**Task statement**
If a line in the entries below includes the string "color", copy it out.

──────── Records for processing ────────

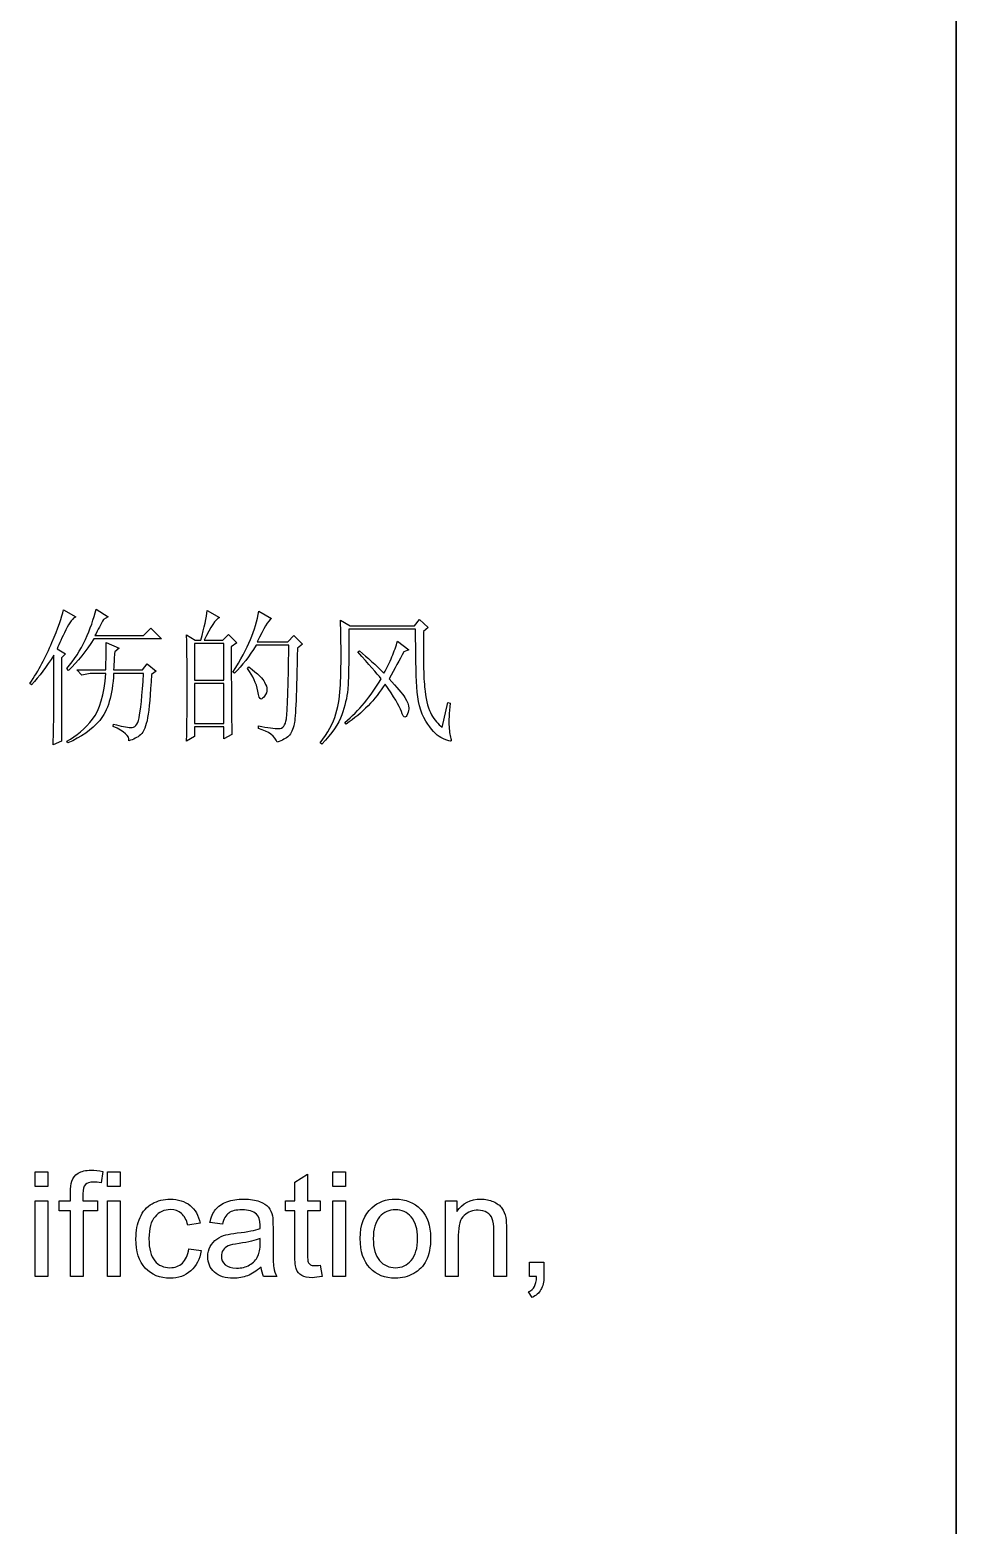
# Model space of a CAD drawing. Extents: x -45 to 645, y -160 to 467.
# Drawn here: x 388.96 to 400.13, y 105.36 to 123.4 of the extents above; entities that cross this region are included whole.
import ezdxf

# ---------------------------------------------------------------- set-up
doc = ezdxf.new("R2010")
doc.units = 0
doc.layers.add('layer 1', color=7, linetype='Continuous')

msp = doc.modelspace()

# ---------------------------------------------------------------- linework, layer by layer
at = {"color": 7, "lineweight": 35}
msp.add_line((400.132, 209.862), (400.132, 81.262), dxfattribs=at)
msp.add_line((400.132, 209.862), (400.132, 81.262), dxfattribs=at)
msp.add_line((400.132, 209.862), (400.132, 81.262), dxfattribs=at)
msp.add_line((400.132, 209.862), (400.132, 81.262), dxfattribs=at)
at = {"layer": 'layer 1', "color": 7, "lineweight": 9, "true_color": 0xffffff}
msp.add_open_spline([(400.131, 209.862), (400.131, 166.996), (400.131, 102.696), (400.131, 81.262)], degree=3, dxfattribs=at)
at = {"layer": 'layer 1', "color": 7, "true_color": 0xffffff}
for points, knots in [([(389.344, 114.816), (389.344, 114.816), (389.344, 115.823), (389.344, 115.823), (389.344, 115.823), (389.391, 115.871), (389.391, 115.871), (389.391, 115.871), (389.29, 115.933), (389.29, 115.933), (389.312, 115.993), (389.347, 116.068), (389.394, 116.16), (389.442, 116.252), (389.482, 116.305), (389.513, 116.319), (389.513, 116.319), (389.365, 116.402), (389.365, 116.402), (389.346, 116.315), (389.3, 116.183), (389.227, 116.008), (389.155, 115.834), (389.066, 115.67), (388.961, 115.513), (388.961, 115.513), (388.982, 115.499), (388.982, 115.499), (389.073, 115.596), (389.162, 115.716), (389.248, 115.857), (389.248, 115.857), (389.248, 115.127), (389.248, 115.127), (389.248, 115.04), (389.246, 114.922), (389.241, 114.775), (389.241, 114.775), (389.344, 114.816), (389.344, 114.816)], [0, 0, 0, 0, 0.076923, 0.076923, 0.076923, 0.153846, 0.153846, 0.153846, 0.230769, 0.230769, 0.230769, 0.307692, 0.307692, 0.307692, 0.384615, 0.384615, 0.384615, 0.461538, 0.461538, 0.461538, 0.538462, 0.538462, 0.538462, 0.615385, 0.615385, 0.615385, 0.692308, 0.692308, 0.692308, 0.769231, 0.769231, 0.769231, 0.846154, 0.846154, 0.846154, 0.923077, 0.923077, 0.923077, 1, 1, 1, 1]), ([(389.63, 116.044), (389.571, 115.915), (389.496, 115.799), (389.405, 115.693), (389.405, 115.693), (389.426, 115.672), (389.426, 115.672), (389.539, 115.777), (389.641, 115.904), (389.731, 116.051), (389.731, 116.051), (390.55, 116.051), (390.55, 116.051), (390.55, 116.051), (390.421, 116.181), (390.421, 116.181), (390.421, 116.181), (390.332, 116.091), (390.332, 116.091), (390.332, 116.091), (389.745, 116.091), (389.745, 116.091), (389.782, 116.165), (389.817, 116.231), (389.848, 116.285), (389.848, 116.285), (389.903, 116.319), (389.903, 116.319), (389.903, 116.319), (389.759, 116.409), (389.759, 116.409), (389.731, 116.294), (389.689, 116.172), (389.63, 116.044)], [0, 0, 0, 0, 0.090909, 0.090909, 0.090909, 0.181818, 0.181818, 0.181818, 0.272727, 0.272727, 0.272727, 0.363636, 0.363636, 0.363636, 0.454545, 0.454545, 0.454545, 0.545455, 0.545455, 0.545455, 0.636364, 0.636364, 0.636364, 0.727273, 0.727273, 0.727273, 0.818182, 0.818182, 0.818182, 0.909091, 0.909091, 0.909091, 1, 1, 1, 1]), ([(391.458, 116.003), (391.458, 116.003), (391.355, 116.107), (391.355, 116.107), (391.355, 116.107), (391.287, 116.037), (391.287, 116.037), (391.287, 116.037), (391.062, 116.037), (391.062, 116.037), (391.139, 116.197), (391.202, 116.289), (391.247, 116.312), (391.247, 116.312), (391.097, 116.395), (391.097, 116.395), (391.092, 116.312), (391.067, 116.194), (391.022, 116.037), (391.022, 116.037), (390.954, 116.037), (390.954, 116.037), (390.954, 116.037), (390.851, 116.1), (390.851, 116.1), (390.856, 115.889), (390.858, 115.675), (390.858, 115.462), (390.858, 115.248), (390.856, 115.033), (390.851, 114.818), (390.851, 114.818), (390.947, 114.873), (390.947, 114.873), (390.947, 114.873), (390.947, 114.989), (390.947, 114.989), (390.947, 114.989), (391.301, 114.989), (391.301, 114.989), (391.301, 114.989), (391.301, 114.844), (391.301, 114.844), (391.301, 114.844), (391.397, 114.899), (391.397, 114.899), (391.392, 115.065), (391.39, 115.416), (391.39, 115.955), (391.39, 115.955), (391.458, 116.003), (391.458, 116.003)], [0, 0, 0, 0, 0.058824, 0.058824, 0.058824, 0.117647, 0.117647, 0.117647, 0.176471, 0.176471, 0.176471, 0.235294, 0.235294, 0.235294, 0.294118, 0.294118, 0.294118, 0.352941, 0.352941, 0.352941, 0.411765, 0.411765, 0.411765, 0.470588, 0.470588, 0.470588, 0.529412, 0.529412, 0.529412, 0.588235, 0.588235, 0.588235, 0.647059, 0.647059, 0.647059, 0.705882, 0.705882, 0.705882, 0.764706, 0.764706, 0.764706, 0.823529, 0.823529, 0.823529, 0.882353, 0.882353, 0.882353, 0.941176, 0.941176, 0.941176, 1, 1, 1, 1]), ([(391.622, 116.044), (391.575, 115.929), (391.505, 115.799), (391.409, 115.65), (391.409, 115.65), (391.43, 115.638), (391.43, 115.638), (391.521, 115.73), (391.608, 115.841), (391.69, 115.975), (391.69, 115.975), (392.085, 115.975), (392.085, 115.975), (392.076, 115.46), (392.066, 115.164), (392.055, 115.086), (392.043, 115.008), (392.012, 114.969), (391.963, 114.969), (391.912, 114.97), (391.83, 114.98), (391.717, 115.003), (391.717, 115.003), (391.717, 114.97), (391.717, 114.97), (391.844, 114.932), (391.919, 114.878), (391.942, 114.804), (392.007, 114.827), (392.052, 114.851), (392.082, 114.88), (392.111, 114.908), (392.134, 114.957), (392.15, 115.028), (392.165, 115.098), (392.179, 115.403), (392.188, 115.94), (392.188, 115.94), (392.249, 115.989), (392.249, 115.989), (392.249, 115.989), (392.146, 116.091), (392.146, 116.091), (392.146, 116.091), (392.071, 116.016), (392.071, 116.016), (392.071, 116.016), (391.703, 116.016), (391.703, 116.016), (391.781, 116.181), (391.837, 116.275), (391.874, 116.298), (391.874, 116.298), (391.724, 116.388), (391.724, 116.388), (391.701, 116.273), (391.668, 116.158), (391.622, 116.044)], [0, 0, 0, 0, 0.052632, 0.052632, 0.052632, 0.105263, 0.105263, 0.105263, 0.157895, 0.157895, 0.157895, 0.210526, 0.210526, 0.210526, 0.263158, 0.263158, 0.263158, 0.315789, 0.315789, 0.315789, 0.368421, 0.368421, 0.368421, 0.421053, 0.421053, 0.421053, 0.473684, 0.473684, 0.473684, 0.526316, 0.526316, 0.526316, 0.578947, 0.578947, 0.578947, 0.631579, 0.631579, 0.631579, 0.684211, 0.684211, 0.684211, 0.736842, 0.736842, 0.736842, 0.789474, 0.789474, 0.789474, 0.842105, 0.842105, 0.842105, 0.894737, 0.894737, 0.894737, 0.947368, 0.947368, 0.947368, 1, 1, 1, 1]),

────────

**Written response**
doc.layers.add('layer 1', color=7, linetype='Continuous')
at = {"color": 7, "lineweight": 35}
at = {"layer": 'layer 1', "color": 7, "lineweight": 9, "true_color": 0xffffff}
at = {"layer": 'layer 1', "color": 7, "true_color": 0xffffff}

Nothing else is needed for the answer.